If you're in the market for a fancy top of the line bow then by all means go to the shop. But if you want a ready to hunt package for a good price, already set up then I can't recommend Huntersfriend.com enough. I absolutely love my PSE Stinger 3G, I shoot about 80 arrows a weekend and dragged it through a snowy, wet hunt last year and it still shoots fine and the local shop is happy to help with anything I need.


----------



## middlefork (Nov 2, 2008)

nelsonccc said:


> I don't know about that. I went to my shop with the quote from Huntersfriend and they told me to go ahead and get it online and that they would have no problem servicing a bow bought online. I've been there a dozen time to have things tweaked, arrows re-fletched, and to shoot. My daughter does JOAD there.
> 
> If you're in the market for a fancy top of the line bow then by all means go to the shop. But if you want a ready to hunt package for a good price, already set up then I can't recommend Huntersfriend.com enough. I absolutely love my PSE Stinger 3G, I shoot about 80 arrows a weekend and dragged it through a snowy, wet hunt last year and it still shoots fine and the local shop is happy to help with anything I need.


It has been my observation that if you don't support your local brick and mortor store when you can they won't be there long to help you out.

That said maybe you can get good free service from a big box store like Cabela's or Bass Pro but the little guys need all the profit they can get just to stay open so I would think a charge for service is very appropriate.


----------



## brendo (Sep 10, 2013)

I think brick and mortar stores need to be competitive with online prices and match them whenever possible. Most places already are and do because they realize they are missing out on a big chunk of Business. I don't understand why they would tell you to buy it online instead of just getting it for you at the same price.. I work for a retailer and I match online prices all day long I would never tell someone to buy it online I will match price and have a returning customer hopefully for life.


----------



## SidVicious (Aug 19, 2014)

Check out Jake's Archery. I believe they have a pretty substantial bow catalog


----------



## nelsonccc (Jul 8, 2014)

brendo said:


> I think brick and mortar stores need to be competitive with online prices and match them whenever possible. Most places already are and do because they realize they are missing out on a big chunk of Business. I don't understand why they would tell you to buy it online instead of just getting it for you at the same price.. I work for a retailer and I match online prices all day long I would never tell someone to buy it online I will match price and have a returning customer hopefully for life.

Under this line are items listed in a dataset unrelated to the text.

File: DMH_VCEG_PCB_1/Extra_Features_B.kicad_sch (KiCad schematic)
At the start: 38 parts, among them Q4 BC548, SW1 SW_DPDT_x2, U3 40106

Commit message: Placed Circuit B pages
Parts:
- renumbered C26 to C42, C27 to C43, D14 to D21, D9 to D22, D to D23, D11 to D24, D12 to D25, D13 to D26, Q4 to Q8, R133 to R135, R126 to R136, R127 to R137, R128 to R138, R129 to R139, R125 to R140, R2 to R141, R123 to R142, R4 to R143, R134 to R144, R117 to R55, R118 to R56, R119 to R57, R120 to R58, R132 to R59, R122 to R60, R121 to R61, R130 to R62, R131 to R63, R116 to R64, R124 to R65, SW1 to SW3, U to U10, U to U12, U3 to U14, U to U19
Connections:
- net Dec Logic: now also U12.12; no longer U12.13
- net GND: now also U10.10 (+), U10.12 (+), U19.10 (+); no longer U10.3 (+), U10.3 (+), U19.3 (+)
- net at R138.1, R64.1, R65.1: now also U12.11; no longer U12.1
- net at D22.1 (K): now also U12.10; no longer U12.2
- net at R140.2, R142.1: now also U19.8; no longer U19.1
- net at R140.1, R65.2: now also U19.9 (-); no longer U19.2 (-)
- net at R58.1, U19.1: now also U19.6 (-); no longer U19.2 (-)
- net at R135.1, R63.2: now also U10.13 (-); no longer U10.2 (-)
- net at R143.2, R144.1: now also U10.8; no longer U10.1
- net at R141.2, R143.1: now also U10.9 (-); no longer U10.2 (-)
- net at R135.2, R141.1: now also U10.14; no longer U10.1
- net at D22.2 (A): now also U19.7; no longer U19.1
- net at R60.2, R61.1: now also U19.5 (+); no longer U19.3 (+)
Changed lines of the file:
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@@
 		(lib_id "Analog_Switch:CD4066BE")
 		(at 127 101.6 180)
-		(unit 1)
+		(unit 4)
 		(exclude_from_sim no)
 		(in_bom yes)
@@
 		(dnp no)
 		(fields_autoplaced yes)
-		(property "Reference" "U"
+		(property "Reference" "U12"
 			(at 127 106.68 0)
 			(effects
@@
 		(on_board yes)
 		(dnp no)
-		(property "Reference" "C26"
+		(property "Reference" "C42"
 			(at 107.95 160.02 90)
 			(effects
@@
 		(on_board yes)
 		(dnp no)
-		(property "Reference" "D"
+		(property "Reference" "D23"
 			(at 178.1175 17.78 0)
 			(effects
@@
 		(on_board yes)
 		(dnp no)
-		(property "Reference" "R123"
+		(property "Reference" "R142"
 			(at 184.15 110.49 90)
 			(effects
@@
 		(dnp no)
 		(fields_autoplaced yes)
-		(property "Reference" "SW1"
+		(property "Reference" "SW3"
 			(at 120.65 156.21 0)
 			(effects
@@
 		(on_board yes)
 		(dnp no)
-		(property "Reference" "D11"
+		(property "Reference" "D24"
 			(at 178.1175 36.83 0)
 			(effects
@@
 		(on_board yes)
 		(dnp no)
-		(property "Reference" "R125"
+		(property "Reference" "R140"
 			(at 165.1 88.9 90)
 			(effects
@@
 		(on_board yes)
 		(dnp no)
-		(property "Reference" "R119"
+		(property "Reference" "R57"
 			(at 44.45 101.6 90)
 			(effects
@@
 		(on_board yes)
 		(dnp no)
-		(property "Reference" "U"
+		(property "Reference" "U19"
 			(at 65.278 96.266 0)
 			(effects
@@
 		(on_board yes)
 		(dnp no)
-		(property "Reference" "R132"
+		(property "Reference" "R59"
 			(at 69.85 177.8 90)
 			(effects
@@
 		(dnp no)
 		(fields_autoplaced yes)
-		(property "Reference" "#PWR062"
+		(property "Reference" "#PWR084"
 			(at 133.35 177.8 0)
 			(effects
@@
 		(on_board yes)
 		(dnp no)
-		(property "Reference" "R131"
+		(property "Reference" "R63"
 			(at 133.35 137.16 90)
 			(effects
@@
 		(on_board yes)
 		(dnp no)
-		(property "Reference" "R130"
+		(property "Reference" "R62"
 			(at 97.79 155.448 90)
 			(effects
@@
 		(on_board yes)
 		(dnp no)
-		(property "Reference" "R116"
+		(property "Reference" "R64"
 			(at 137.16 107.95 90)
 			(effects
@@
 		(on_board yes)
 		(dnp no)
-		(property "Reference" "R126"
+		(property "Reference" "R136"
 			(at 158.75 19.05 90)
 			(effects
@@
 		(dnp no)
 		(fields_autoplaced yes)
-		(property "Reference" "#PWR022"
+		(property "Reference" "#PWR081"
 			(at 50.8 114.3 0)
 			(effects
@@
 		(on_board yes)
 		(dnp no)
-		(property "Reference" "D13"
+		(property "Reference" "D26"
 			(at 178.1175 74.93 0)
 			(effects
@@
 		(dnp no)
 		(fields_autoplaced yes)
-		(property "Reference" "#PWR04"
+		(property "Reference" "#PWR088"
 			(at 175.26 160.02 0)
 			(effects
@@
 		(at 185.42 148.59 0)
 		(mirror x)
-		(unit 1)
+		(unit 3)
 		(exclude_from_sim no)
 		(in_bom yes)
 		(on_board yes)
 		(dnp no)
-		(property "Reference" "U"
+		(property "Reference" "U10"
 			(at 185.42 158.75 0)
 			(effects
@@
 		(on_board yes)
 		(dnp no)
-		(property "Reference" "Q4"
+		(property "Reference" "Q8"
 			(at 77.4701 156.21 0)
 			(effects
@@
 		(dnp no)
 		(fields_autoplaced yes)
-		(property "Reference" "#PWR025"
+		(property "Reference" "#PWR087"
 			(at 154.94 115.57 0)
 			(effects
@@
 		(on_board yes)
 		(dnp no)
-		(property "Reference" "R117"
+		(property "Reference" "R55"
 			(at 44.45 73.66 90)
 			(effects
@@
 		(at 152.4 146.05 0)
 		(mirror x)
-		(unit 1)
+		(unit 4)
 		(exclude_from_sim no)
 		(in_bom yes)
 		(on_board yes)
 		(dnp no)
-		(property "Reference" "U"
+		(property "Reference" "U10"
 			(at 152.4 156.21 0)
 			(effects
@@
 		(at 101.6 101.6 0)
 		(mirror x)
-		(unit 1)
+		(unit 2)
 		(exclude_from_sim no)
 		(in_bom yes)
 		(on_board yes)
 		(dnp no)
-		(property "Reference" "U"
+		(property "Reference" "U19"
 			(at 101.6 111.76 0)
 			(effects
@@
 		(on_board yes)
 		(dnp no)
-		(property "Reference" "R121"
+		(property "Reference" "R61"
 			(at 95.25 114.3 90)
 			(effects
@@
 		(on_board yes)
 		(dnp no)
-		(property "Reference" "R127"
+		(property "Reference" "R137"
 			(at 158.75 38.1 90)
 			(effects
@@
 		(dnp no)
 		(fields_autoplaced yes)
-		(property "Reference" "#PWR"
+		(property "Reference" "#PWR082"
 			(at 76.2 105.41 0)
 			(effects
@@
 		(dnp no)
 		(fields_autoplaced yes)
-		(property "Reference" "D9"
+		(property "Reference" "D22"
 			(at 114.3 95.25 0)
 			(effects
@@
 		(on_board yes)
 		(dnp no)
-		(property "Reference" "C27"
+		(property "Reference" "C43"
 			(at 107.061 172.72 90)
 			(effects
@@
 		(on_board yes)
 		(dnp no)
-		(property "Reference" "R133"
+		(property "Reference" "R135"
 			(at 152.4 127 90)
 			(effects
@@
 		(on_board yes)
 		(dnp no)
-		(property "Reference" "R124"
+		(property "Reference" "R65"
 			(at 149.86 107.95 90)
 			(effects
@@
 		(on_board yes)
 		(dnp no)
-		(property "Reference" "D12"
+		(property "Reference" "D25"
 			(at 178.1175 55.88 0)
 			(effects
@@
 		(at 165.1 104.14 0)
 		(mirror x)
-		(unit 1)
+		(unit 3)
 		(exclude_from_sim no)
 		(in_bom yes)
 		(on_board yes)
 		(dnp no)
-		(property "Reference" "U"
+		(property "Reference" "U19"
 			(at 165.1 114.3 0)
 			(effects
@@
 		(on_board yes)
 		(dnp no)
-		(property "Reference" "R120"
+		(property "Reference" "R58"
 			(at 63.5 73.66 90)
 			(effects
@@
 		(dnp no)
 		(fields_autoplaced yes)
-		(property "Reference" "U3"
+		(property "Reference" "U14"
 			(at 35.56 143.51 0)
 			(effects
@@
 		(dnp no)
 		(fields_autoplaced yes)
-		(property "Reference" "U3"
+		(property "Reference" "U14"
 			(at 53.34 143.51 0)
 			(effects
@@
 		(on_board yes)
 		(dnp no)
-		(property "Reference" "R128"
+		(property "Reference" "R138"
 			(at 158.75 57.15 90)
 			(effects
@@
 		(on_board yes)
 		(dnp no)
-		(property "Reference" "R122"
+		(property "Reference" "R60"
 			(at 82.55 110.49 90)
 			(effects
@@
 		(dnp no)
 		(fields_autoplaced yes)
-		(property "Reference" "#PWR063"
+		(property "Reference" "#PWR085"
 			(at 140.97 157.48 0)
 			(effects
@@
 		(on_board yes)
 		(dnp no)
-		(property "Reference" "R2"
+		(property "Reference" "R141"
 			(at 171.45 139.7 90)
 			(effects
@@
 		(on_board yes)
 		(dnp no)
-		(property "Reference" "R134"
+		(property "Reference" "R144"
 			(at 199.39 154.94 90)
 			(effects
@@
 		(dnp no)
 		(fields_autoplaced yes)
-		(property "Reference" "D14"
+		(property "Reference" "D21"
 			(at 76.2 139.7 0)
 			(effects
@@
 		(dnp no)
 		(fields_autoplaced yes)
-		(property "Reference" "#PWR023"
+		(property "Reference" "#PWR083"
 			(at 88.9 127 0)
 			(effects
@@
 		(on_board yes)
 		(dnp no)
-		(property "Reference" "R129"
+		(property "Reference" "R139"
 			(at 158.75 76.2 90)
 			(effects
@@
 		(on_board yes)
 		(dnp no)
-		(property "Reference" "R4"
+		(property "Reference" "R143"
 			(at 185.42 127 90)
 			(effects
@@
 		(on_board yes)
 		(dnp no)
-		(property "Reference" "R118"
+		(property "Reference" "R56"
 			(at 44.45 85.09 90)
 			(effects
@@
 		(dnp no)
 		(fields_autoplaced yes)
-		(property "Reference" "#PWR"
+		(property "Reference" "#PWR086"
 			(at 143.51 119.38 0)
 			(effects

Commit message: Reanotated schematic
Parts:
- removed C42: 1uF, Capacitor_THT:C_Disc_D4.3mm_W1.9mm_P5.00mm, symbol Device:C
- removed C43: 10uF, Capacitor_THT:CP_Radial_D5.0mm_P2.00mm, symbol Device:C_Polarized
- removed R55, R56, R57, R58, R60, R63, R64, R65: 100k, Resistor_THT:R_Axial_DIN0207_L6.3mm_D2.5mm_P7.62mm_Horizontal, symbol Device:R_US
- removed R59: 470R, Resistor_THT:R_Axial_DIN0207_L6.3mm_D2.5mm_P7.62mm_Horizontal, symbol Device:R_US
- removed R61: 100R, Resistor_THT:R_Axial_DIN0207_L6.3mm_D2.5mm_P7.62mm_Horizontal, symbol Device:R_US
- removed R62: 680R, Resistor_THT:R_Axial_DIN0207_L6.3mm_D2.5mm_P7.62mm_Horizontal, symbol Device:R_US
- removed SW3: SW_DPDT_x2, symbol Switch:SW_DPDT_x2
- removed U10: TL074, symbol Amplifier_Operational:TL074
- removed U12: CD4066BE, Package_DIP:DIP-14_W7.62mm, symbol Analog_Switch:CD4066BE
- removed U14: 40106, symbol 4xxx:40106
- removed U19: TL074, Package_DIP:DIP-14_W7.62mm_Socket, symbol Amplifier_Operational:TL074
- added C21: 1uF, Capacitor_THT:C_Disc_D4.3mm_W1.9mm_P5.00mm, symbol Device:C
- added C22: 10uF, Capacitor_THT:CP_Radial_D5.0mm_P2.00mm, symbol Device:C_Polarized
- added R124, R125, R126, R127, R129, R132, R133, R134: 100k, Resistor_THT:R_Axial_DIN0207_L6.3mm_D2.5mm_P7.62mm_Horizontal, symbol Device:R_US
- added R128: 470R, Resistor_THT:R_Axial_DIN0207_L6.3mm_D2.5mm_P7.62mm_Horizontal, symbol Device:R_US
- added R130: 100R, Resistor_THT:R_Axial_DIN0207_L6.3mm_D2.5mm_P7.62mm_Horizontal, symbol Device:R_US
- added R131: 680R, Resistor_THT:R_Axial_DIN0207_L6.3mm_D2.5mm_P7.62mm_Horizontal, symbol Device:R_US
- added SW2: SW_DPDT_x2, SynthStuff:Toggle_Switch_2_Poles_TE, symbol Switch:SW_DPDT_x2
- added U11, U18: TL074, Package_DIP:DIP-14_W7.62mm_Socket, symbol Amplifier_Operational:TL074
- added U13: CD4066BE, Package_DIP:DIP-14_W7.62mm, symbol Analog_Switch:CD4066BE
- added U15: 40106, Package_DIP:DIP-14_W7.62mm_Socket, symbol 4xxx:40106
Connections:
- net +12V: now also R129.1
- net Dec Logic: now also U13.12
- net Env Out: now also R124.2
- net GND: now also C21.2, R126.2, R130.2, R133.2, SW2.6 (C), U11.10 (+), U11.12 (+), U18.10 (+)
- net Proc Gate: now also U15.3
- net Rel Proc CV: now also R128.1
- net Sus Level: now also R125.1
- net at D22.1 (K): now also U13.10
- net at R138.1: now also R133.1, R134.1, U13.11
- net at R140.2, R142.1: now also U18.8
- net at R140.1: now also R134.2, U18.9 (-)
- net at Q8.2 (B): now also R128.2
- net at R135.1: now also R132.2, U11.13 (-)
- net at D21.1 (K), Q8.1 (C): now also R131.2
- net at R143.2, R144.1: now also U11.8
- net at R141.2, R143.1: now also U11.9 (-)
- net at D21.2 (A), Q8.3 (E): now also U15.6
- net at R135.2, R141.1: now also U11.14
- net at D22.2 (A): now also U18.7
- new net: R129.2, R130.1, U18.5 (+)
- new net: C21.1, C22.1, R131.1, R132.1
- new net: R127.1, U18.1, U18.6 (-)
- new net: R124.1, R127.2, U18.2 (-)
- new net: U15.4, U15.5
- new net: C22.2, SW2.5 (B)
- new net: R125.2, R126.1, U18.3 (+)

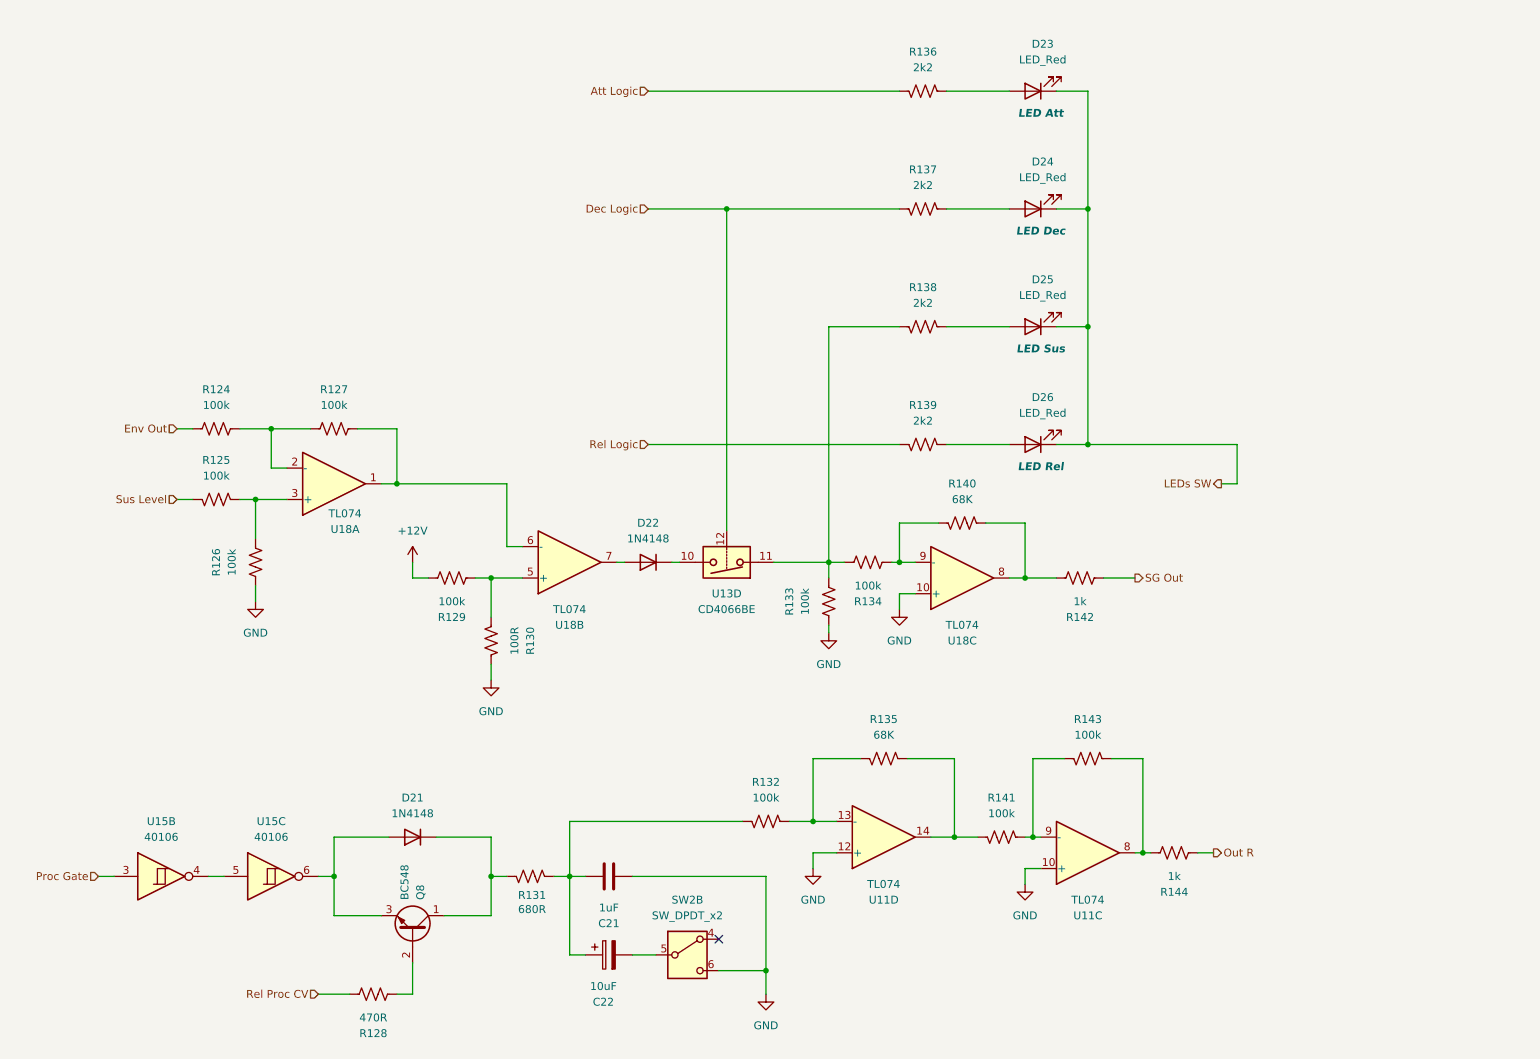
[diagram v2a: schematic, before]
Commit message: Reannotated ICs to match MFOS schematic
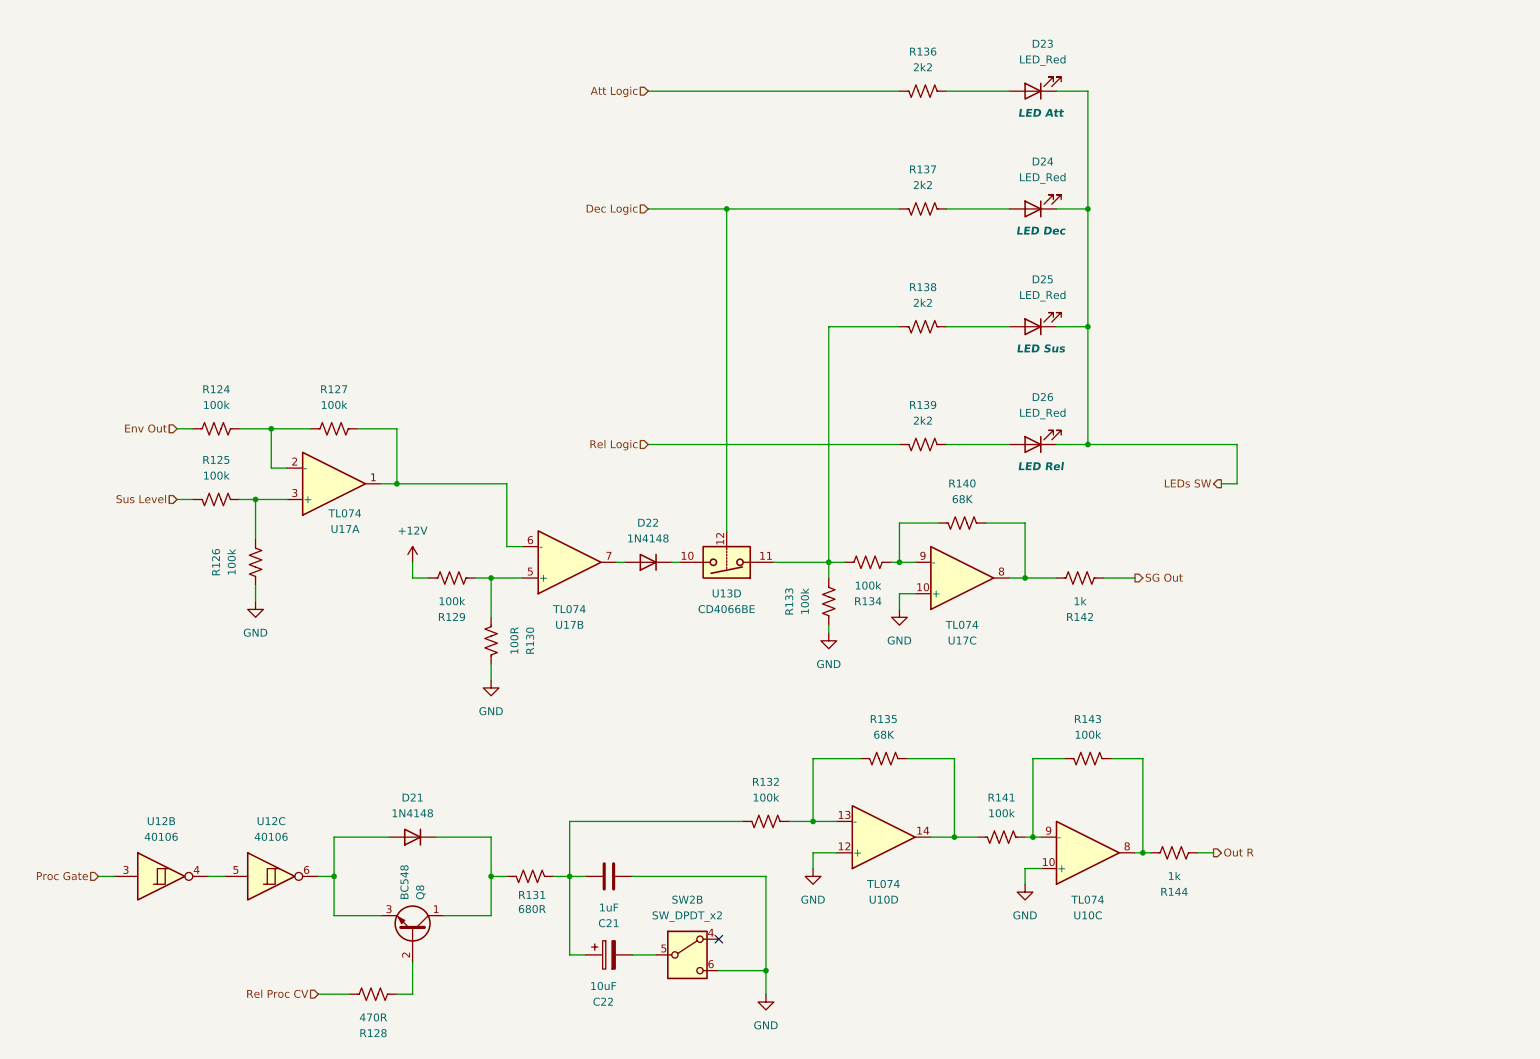
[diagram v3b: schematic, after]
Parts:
- renumbered U11 to U10, U15 to U12, U18 to U17
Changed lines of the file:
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@@
 		(dnp no)
 		(fields_autoplaced yes)
-		(property "Reference" "U15"
+		(property "Reference" "U12"
 			(at 53.34 143.51 0)
 			(effects
@@
 			)
 		)
+		(property "Function" ""
+			(at 53.34 152.4 0)
+			(effects
+				(font
+					(size 1.27 1.27)
+				)
+			)
+		)
 		(pin "7"
 		)
@@
 			(project "DMH_VCEG_PCB_1"
 				(path "/58f4306d-5387-4983-bb08-41a2313fd315/5112ef52-02ff-4071-9179-b1c0d55d0b73"
-					(reference "U15")
+					(reference "U12")
 					(unit 3)
 				)
@@
 		(on_board yes)
 		(dnp no)
-		(property "Reference" "U18"
+		(property "Reference" "U17"
 			(at 101.6 111.76 0)
 			(effects
@@
 			(project "DMH_VCEG_PCB_1"
 				(path "/58f4306d-5387-4983-bb08-41a2313fd315/5112ef52-02ff-4071-9179-b1c0d55d0b73"
-					(reference "U18")
+					(reference "U17")
 					(unit 2)
 				)
@@
 		(on_board yes)
 		(dnp no)
-		(property "Reference" "U11"
+		(property "Reference" "U10"
 			(at 152.4 156.21 0)
 			(effects
@@
 			(project "DMH_VCEG_PCB_1"
 				(path "/58f4306d-5387-4983-bb08-41a2313fd315/5112ef52-02ff-4071-9179-b1c0d55d0b73"
-					(reference "U11")
+					(reference "U10")
 					(unit 4)
 				)
@@
 		(on_board yes)
 		(dnp no)
-		(property "Reference" "U18"
+		(property "Reference" "U17"
 			(at 65.278 96.266 0)
 			(effects
@@
 			(project "DMH_VCEG_PCB_1"
 				(path "/58f4306d-5387-4983-bb08-41a2313fd315/5112ef52-02ff-4071-9179-b1c0d55d0b73"
-					(reference "U18")
+					(reference "U17")
 					(unit 1)
 				)
@@
 		(dnp no)
 		(fields_autoplaced yes)
-		(property "Reference" "U15"
+		(property "Reference" "U12"
 			(at 35.56 143.51 0)
 			(effects
@@
 			)
 		)
+		(property "Function" ""
+			(at 35.56 152.4 0)
+			(effects
+				(font
+					(size 1.27 1.27)
+				)
+			)
+		)
 		(pin "7"
 		)
@@
 			(project "DMH_VCEG_PCB_1"
 				(path "/58f4306d-5387-4983-bb08-41a2313fd315/5112ef52-02ff-4071-9179-b1c0d55d0b73"
-					(reference "U15")
+					(reference "U12")
 					(unit 2)
 				)
@@
 		(on_board yes)
 		(dnp no)
-		(property "Reference" "U11"
+		(property "Reference" "U10"
 			(at 185.42 158.75 0)
 			(effects
@@
 			(project "DMH_VCEG_PCB_1"
 				(path "/58f4306d-5387-4983-bb08-41a2313fd315/5112ef52-02ff-4071-9179-b1c0d55d0b73"
-					(reference "U11")
+					(reference "U10")
 					(unit 3)
 				)
@@
 		(on_board yes)
 		(dnp no)
-		(property "Reference" "U18"
+		(property "Reference" "U17"
 			(at 165.1 114.3 0)
 			(effects
@@
 			(project "DMH_VCEG_PCB_1"
 				(path "/58f4306d-5387-4983-bb08-41a2313fd315/5112ef52-02ff-4071-9179-b1c0d55d0b73"
-					(reference "U18")
+					(reference "U17")
 					(unit 3)
 				)

They were willing to match the bare bow price but couldn't come close to the hunting package with the arrows and accessories. I was willing to spend a bit more to use them but ultimately it was way cheaper on line. I use them for everything else and I've already talked to them about the upgraded site I want to get. I'm all for supporting local business, I really am, but the reality is that sometimes you need or can stretch your dollar by shopping around. For me I try to balance the need to be frugal (or to hide the cost from the queen bee) while supporting local guys that I'll need help from with various items throughout the season. Being new to archery it was important to stay within my budget. These guys get my daughters JOAD fee, her personal lesson fee, and all the misc costs of a family that is shooting bows every weekend. That is their value to me, not that they could price match a hunting package from an on-line retailer.


----------